Range (min … max): 392.945 μs … 2.997 ms ┊ GC (min … max): 0.00% … 75.62%
Time (median): 585.374 μs ┊ GC (median): 0.00%
Time (mean ± σ): 697.015 μs ± 265.796 μs ┊ GC (mean ± σ): 11.60% ± 16.13%
▁█▇▃▂
▂▂▃▃▃▄▅█████▇▅▃▂▄█▃▂▃▄▃▂▂▂▁▁▁▂▁▂▄▄▂▂▂▂▁▂▂▃▄▃▂▂▂▂▁▂▂▂▂▂▃▄▃▂▃▃▃ ▃
393 μs Histogram: frequency by time 1.48 ms <
Memory estimate: 8.00 MiB, allocs estimate: 2.

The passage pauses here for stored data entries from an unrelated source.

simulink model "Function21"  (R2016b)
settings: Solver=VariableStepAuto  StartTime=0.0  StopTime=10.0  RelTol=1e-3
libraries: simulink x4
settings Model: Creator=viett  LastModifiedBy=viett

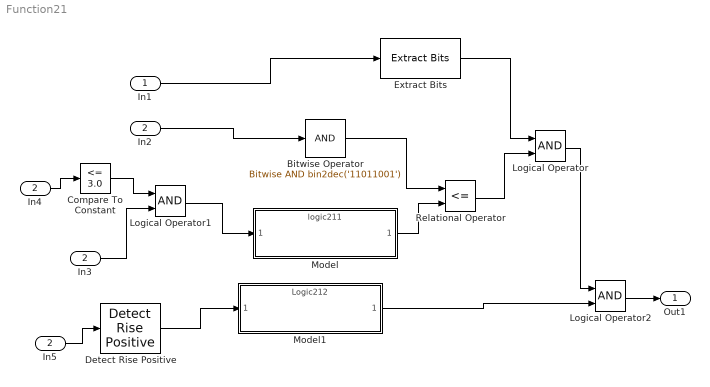
== system Function21 ==
  In1 : Inport
  In2 : Inport  Port=2
  Bitwise Operator : simulink/Logic and Bit Operations/Bitwise Operator  logicop=AND  UseBitMask=on  BitMask=bin2dec('11011001')  BitMaskRealWorld=Stored Integer
  Compare To Constant : simulink/Logic and Bit Operations/Compare To Constant  relop=<=  const=3.0  OutDataTypeStr=boolean
  Detect Rise Positive : simulink/Logic and Bit Operations/Detect Rise Positive  vinit=0  OutDataTypeStr=boolean
  Extract Bits : simulink/Logic and Bit Operations/Extract Bits  bitsToExtract=Upper half  numBits=8  bitIdxRange=[0 7]  outScalingMode=Preserve fixed-point scaling
  In3 : InportShadow  Port=2
  In4 : InportShadow  Port=2
  In5 : InportShadow  Port=2
  Logical Operator : Logic  AllPortsSameDT=off  OutDataTypeStr=boolean
  Logical Operator1 : Logic  AllPortsSameDT=off  OutDataTypeStr=boolean
  Logical Operator2 : Logic  AllPortsSameDT=off  OutDataTypeStr=boolean
  Model : ModelReference  ModelNameDialog=logic211.slx  SimulationMode=Normal  ModelReferenceVersion=1.9
  Model1 : ModelReference  ModelNameDialog=Logic212.slx  SimulationMode=Normal  ModelReferenceVersion=1.3
  Relational Operator : RelationalOperator  Operator=<=  OutDataTypeStr=boolean  RndMeth=Simplest
  Out1 : Outport
  wires:
  Logical Operator/1 -> Logical Operator2/1
  Extract Bits/1 -> Logical Operator/1
  Relational Operator/1 -> Logical Operator/2
  Model/1 -> Relational Operator/2
  Bitwise Operator/1 -> Relational Operator/1
  In1/1 -> Extract Bits/1
  Logical Operator1/1 -> Model/1
  In2/1 -> Bitwise Operator/1
  Compare To Constant/1 -> Logical Operator1/1
  In3/1 -> Logical Operator1/2
  In4/1 -> Compare To Constant/1
  Logical Operator2/1 -> Out1/1
  Model1/1 -> Logical Operator2/2
  Detect Rise Positive/1 -> Model1/1
  In5/1 -> Detect Rise Positive/1

julia> @benchmark fill!(zeros(Float64, 1024, 1024), 5.0)
BenchmarkTools.Trial: 3600 samples with 1 evaluation.
Range (min … max): 1.120 ms … 4.245 ms ┊ GC (min … max): 0.00% … 68.09%
Time (median): 1.226 ms ┊ GC (median): 0.00%
Time (mean ± σ): 1.384 ms ± 340.695 μs ┊ GC (mean ± σ): 9.07% ± 13.24%
▁█▃
▃▅████▄▄▄▅▇▅▆▂▂▂▁▁▁▁▁▁▁▁▁▁▁▁▁▁▁▁▁▁▁▁▁▁▁▁▁▁▁▂▃▄▅▄▃▂▁▁▁▁▁▁▁▂▄ ▃
1.12 ms Histogram: frequency by time 2.31 ms <
Memory estimate: 8.00 MiB, allocs estimate: 2.
Maybe more like your WSL2 results than Windows though, in that it is still slower than an undef array?